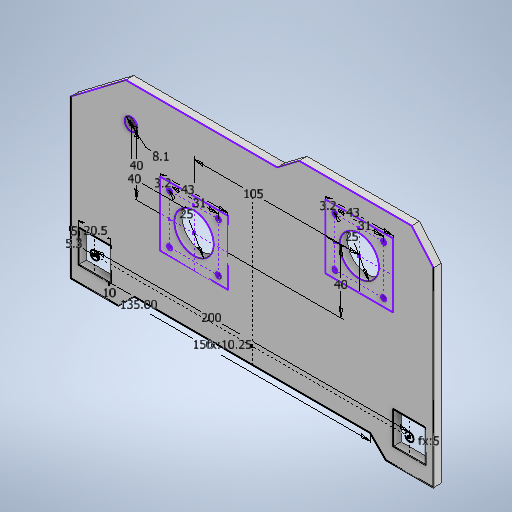
# Autodesk Inventor part: Motor-Side
Saved by Autodesk Inventor 2025.3 (Build 293356030, 356C)
## iProperties
Created: 2025-09-01
Part Number: Motor-Side
Material: Generic
Document SubType Name: Modeling
Designer: tvoko
Density: 1 g/cm^3
Appearance: Default
Author: tvoko
Autodesk Inventor part; units mm, degrees
ref_plane "YZ Plane" through (0, 0, 0) normal (1, 0, 0) x (0, 1, 0)
ref_plane "XZ Plane" through (0, 0, 0) normal (0, 1, 0) x (-1, 0, 0)
ref_plane "XY Plane" through (0, 0, 0) normal (0, 0, 1) x (1, 0, 0)
sketch "Sketch1" plane through (0, 0, 0) normal (0, 0, 1) x (1, 0, 0)
  line L0 (-20.5, 20.5) -> (0, 20.5)
  line L1 (0, 20.5) -> (0, 0)
  line L2 (0, 0) -> (-20.5, 0)
  line L3 (-20.5, 0) -> (-20.5, 20.5)
  line L4 (-25.5, -10) -> (4.75, -10)
  line L5 (4.75, -10) -> (14.75, 0)
  line L6 (14.75, 0) -> (164.75, 0)
  line L7 (164.75, 0) -> (174.75, -10)
  line L8 (174.75, -10) -> (205, -10)
  line L9 (205, -10) -> (205, 110.98)
  line L10 (-25.5, -10) -> (-25.5, 90.0042)
  line L11 (89.75, 0) -> (89.75, 91.5139) construction
  line L12 (-10.25, 20.5) -> (-10.25, 0) construction
  line L13 (179.5, 20.5) -> (200, 20.5)
  line L14 (200, 20.5) -> (200, 0)
  line L15 (200, 0) -> (179.5, 0)
  line L16 (179.5, 0) -> (179.5, 20.5)
  line L17 (189.75, 20.5) -> (189.75, 0) construction
  line L18 (-10.25, 10.25) -> (189.75, 10.25) construction
  line L19 (37.3718, 69.4481) -> (68.3718, 69.4481) construction
  line L20 (68.3718, 69.4481) -> (68.3718, 38.4481) construction
  line L21 (68.3718, 38.4481) -> (37.3718, 38.4481) construction
  line L22 (37.3718, 38.4481) -> (37.3718, 69.4481) construction
  line L23 (31.3718, 74.3149) -> (74.3718, 74.3149)
  line L24 (74.3718, 74.3149) -> (74.3718, 33.5812)
  line L25 (74.3718, 33.5812) -> (31.3718, 33.5812)
  line L26 (31.3718, 33.5812) -> (31.3718, 74.3149)
  line L27 (52.8718, 74.3149) -> (52.8718, 33.5812) construction
  line L28 (31.3718, 53.9481) -> (74.3718, 53.9481) construction
  circle A0 centre (37.3718, 69.4481) radius 1.6
  circle A1 centre (68.3718, 69.4481) radius 1.6
  circle A2 centre (68.3718, 38.4481) radius 1.6
  circle A3 centre (37.3718, 38.4481) radius 1.6
  circle A4 centre (52.8718, 53.9481) radius 12.5
  line L29 (142.3718, 109.4481) -> (173.3718, 109.4481) construction
  line L30 (173.3718, 109.4481) -> (173.3718, 78.4481) construction
  line L31 (173.3718, 78.4481) -> (142.3718, 78.4481) construction
  line L32 (142.3718, 78.4481) -> (142.3718, 109.4481) construction
  line L33 (136.3718, 114.3149) -> (179.3718, 114.3149)
  line L34 (179.3718, 114.3149) -> (179.3718, 73.5812)
  line L35 (179.3718, 73.5812) -> (136.3718, 73.5812)
  line L36 (136.3718, 73.5812) -> (136.3718, 114.3149)
  line L37 (157.8718, 114.3149) -> (157.8718, 73.5812) construction
  line L38 (136.3718, 93.9481) -> (179.3718, 93.9481) construction
  circle A5 centre (142.3718, 109.4481) radius 1.6
  circle A6 centre (173.3718, 109.4481) radius 1.6
  circle A7 centre (173.3718, 78.4481) radius 1.6
  circle A8 centre (142.3718, 78.4481) radius 1.6
  circle A9 centre (157.8718, 93.9481) radius 12.5
  circle A10 centre (-10.25, 10.25) radius 2.65
  circle A11 centre (189.75, 10.25) radius 2.65
  circle A12 centre (12.8718, 93.9481) radius 4.05
  line L39 (205, 110.98) -> (191.1506, 127.1705)
  line L40 (191.1506, 127.1705) -> (119.6721, 127.1705)
  line L41 (119.6721, 127.1705) -> (105.6894, 116.5684)
  line L42 (105.6894, 116.5684) -> (9.5346, 116.5684)
  line L43 (9.5346, 116.5684) -> (-25.5, 90.0042)
  point P0 (89.75, 10.25)
  point P1 (52.8718, 69.4481)
  point P2 (37.3718, 53.9481)
  point P3 (157.8718, 109.4481)
  point P4 (142.3718, 93.9481)
  dimension "d0" = 20.5
  dimension "d1" = 200
  dimension "d2" = 5
  dimension "d3" = 5
  dimension "d4" = 10
  dimension "d5" = 10.25
  dimension "d6" = 135
  dimension "d7" = 150
  dimension "d8" = 31
  dimension "d9" = 43
  dimension "d10" = 3.2
  dimension "d11" = 25
  dimension "d12" = 31
  dimension "d13" = 43
  dimension "d14" = 3.2
  dimension "d15" = 25
  dimension "d16" = 5.3
  dimension "d21" = 40
  dimension "d22" = 105
  dimension "d23" = 8.1
  dimension "d24" = 40
  dimension "d25" = 40
  constraints: 88 end point, 22 midpoint, 15 parallel, 13 centre point, 10 coincident, 9 perpendicular, 8 horizontal, 7 equal radius, 7 point on line, 5 equal length, 2 vertical
  measures "d0" distance of L0.start L0.end
  measures "d1" distance of L18.start L18.end
  measures "d2" distance between parallel lines of L10 L3
  measures "d3" distance between parallel lines of L14 L9
  measures "d4" distance between parallel lines of L4 L6
  measures "d5" distance between parallel lines of L6 L18
  measures "d6" angle of L6 L5
  measures "d7" distance of L5.end L6.end
  measures "d8" distance of L19.start L19.end
  measures "d9" distance of L23.start L23.end
  measures "d10" diameter of A0
  measures "d11" diameter of A4
  measures "d12" distance of L29.start L30.start
  measures "d13" distance of L33.start L34.start
  measures "d14" diameter of A5
  measures "d15" diameter of A9
  measures "d16" diameter of A10
  measures "d21" distance between parallel lines of L28 L38
  measures "d22" distance between parallel lines of L27 L37
  measures "d23" diameter of A12
  measures "d24" distance from line of A12.centre L27
  measures "d25" distance from line of A12.centre L28
extrude "Extrusion1" add sketch "Sketch1" against normal blind 5 contours L10 L43 L42 L41 L40 L39 L9 L8 L7 L6 L5 L4 | L23 L24 L25 L26 | L33 L34 L35 L36
equation "\"d3\" = d2"
equation "\"d5\" = 0.5 * d0"
body "Solid1"

--*--

§ Directions:
Copy every line above word for word and exclude the pictures.

§ Written answer:
# Autodesk Inventor part: Motor-Side
Saved by Autodesk Inventor 2025.3 (Build 293356030, 356C)
## iProperties
Created: 2025-09-01
Part Number: Motor-Side
Material: Generic
Document SubType Name: Modeling
Designer: tvoko
Density: 1 g/cm^3
Appearance: Default
Author: tvoko
Autodesk Inventor part; units mm, degrees
ref_plane "YZ Plane" through (0, 0, 0) normal (1, 0, 0) x (0, 1, 0)
ref_plane "XZ Plane" through (0, 0, 0) normal (0, 1, 0) x (-1, 0, 0)
ref_plane "XY Plane" through (0, 0, 0) normal (0, 0, 1) x (1, 0, 0)
sketch "Sketch1" plane through (0, 0, 0) normal (0, 0, 1) x (1, 0, 0)
  line L0 (-20.5, 20.5) -> (0, 20.5)
  line L1 (0, 20.5) -> (0, 0)
  line L2 (0, 0) -> (-20.5, 0)
  line L3 (-20.5, 0) -> (-20.5, 20.5)
  line L4 (-25.5, -10) -> (4.75, -10)
  line L5 (4.75, -10) -> (14.75, 0)
  line L6 (14.75, 0) -> (164.75, 0)
  line L7 (164.75, 0) -> (174.75, -10)
  line L8 (174.75, -10) -> (205, -10)
  line L9 (205, -10) -> (205, 110.98)
  line L10 (-25.5, -10) -> (-25.5, 90.0042)
  line L11 (89.75, 0) -> (89.75, 91.5139) construction
  line L12 (-10.25, 20.5) -> (-10.25, 0) construction
  line L13 (179.5, 20.5) -> (200, 20.5)
  line L14 (200, 20.5) -> (200, 0)
  line L15 (200, 0) -> (179.5, 0)
  line L16 (179.5, 0) -> (179.5, 20.5)
  line L17 (189.75, 20.5) -> (189.75, 0) construction
  line L18 (-10.25, 10.25) -> (189.75, 10.25) construction
  line L19 (37.3718, 69.4481) -> (68.3718, 69.4481) construction
  line L20 (68.3718, 69.4481) -> (68.3718, 38.4481) construction
  line L21 (68.3718, 38.4481) -> (37.3718, 38.4481) construction
  line L22 (37.3718, 38.4481) -> (37.3718, 69.4481) construction
  line L23 (31.3718, 74.3149) -> (74.3718, 74.3149)
  line L24 (74.3718, 74.3149) -> (74.3718, 33.5812)
  line L25 (74.3718, 33.5812) -> (31.3718, 33.5812)
  line L26 (31.3718, 33.5812) -> (31.3718, 74.3149)
  line L27 (52.8718, 74.3149) -> (52.8718, 33.5812) construction
  line L28 (31.3718, 53.9481) -> (74.3718, 53.9481) construction
  circle A0 centre (37.3718, 69.4481) radius 1.6
  circle A1 centre (68.3718, 69.4481) radius 1.6
  circle A2 centre (68.3718, 38.4481) radius 1.6
  circle A3 centre (37.3718, 38.4481) radius 1.6
  circle A4 centre (52.8718, 53.9481) radius 12.5
  line L29 (142.3718, 109.4481) -> (173.3718, 109.4481) construction
  line L30 (173.3718, 109.4481) -> (173.3718, 78.4481) construction
  line L31 (173.3718, 78.4481) -> (142.3718, 78.4481) construction
  line L32 (142.3718, 78.4481) -> (142.3718, 109.4481) construction
  line L33 (136.3718, 114.3149) -> (179.3718, 114.3149)
  line L34 (179.3718, 114.3149) -> (179.3718, 73.5812)
  line L35 (179.3718, 73.5812) -> (136.3718, 73.5812)
  line L36 (136.3718, 73.5812) -> (136.3718, 114.3149)
  line L37 (157.8718, 114.3149) -> (157.8718, 73.5812) construction
  line L38 (136.3718, 93.9481) -> (179.3718, 93.9481) construction
  circle A5 centre (142.3718, 109.4481) radius 1.6
  circle A6 centre (173.3718, 109.4481) radius 1.6
  circle A7 centre (173.3718, 78.4481) radius 1.6
  circle A8 centre (142.3718, 78.4481) radius 1.6
  circle A9 centre (157.8718, 93.9481) radius 12.5
  circle A10 centre (-10.25, 10.25) radius 2.65
  circle A11 centre (189.75, 10.25) radius 2.65
  circle A12 centre (12.8718, 93.9481) radius 4.05
  line L39 (205, 110.98) -> (191.1506, 127.1705)
  line L40 (191.1506, 127.1705) -> (119.6721, 127.1705)
  line L41 (119.6721, 127.1705) -> (105.6894, 116.5684)
  line L42 (105.6894, 116.5684) -> (9.5346, 116.5684)
  line L43 (9.5346, 116.5684) -> (-25.5, 90.0042)
  point P0 (89.75, 10.25)
  point P1 (52.8718, 69.4481)
  point P2 (37.3718, 53.9481)
  point P3 (157.8718, 109.4481)
  point P4 (142.3718, 93.9481)
  dimension "d0" = 20.5
  dimension "d1" = 200
  dimension "d2" = 5
  dimension "d3" = 5
  dimension "d4" = 10
  dimension "d5" = 10.25
  dimension "d6" = 135
  dimension "d7" = 150
  dimension "d8" = 31
  dimension "d9" = 43
  dimension "d10" = 3.2
  dimension "d11" = 25
  dimension "d12" = 31
  dimension "d13" = 43
  dimension "d14" = 3.2
  dimension "d15" = 25
  dimension "d16" = 5.3
  dimension "d21" = 40
  dimension "d22" = 105
  dimension "d23" = 8.1
  dimension "d24" = 40
  dimension "d25" = 40
  constraints: 88 end point, 22 midpoint, 15 parallel, 13 centre point, 10 coincident, 9 perpendicular, 8 horizontal, 7 equal radius, 7 point on line, 5 equal length, 2 vertical
  measures "d0" distance of L0.start L0.end
  measures "d1" distance of L18.start L18.end
  measures "d2" distance between parallel lines of L10 L3
  measures "d3" distance between parallel lines of L14 L9
  measures "d4" distance between parallel lines of L4 L6
  measures "d5" distance between parallel lines of L6 L18
  measures "d6" angle of L6 L5
  measures "d7" distance of L5.end L6.end
  measures "d8" distance of L19.start L19.end
  measures "d9" distance of L23.start L23.end
  measures "d10" diameter of A0
  measures "d11" diameter of A4
  measures "d12" distance of L29.start L30.start
  measures "d13" distance of L33.start L34.start
  measures "d14" diameter of A5
  measures "d15" diameter of A9
  measures "d16" diameter of A10
  measures "d21" distance between parallel lines of L28 L38
  measures "d22" distance between parallel lines of L27 L37
  measures "d23" diameter of A12
  measures "d24" distance from line of A12.centre L27
  measures "d25" distance from line of A12.centre L28
extrude "Extrusion1" add sketch "Sketch1" against normal blind 5 contours L10 L43 L42 L41 L40 L39 L9 L8 L7 L6 L5 L4 | L23 L24 L25 L26 | L33 L34 L35 L36
equation "\"d3\" = d2"
equation "\"d5\" = 0.5 * d0"
body "Solid1"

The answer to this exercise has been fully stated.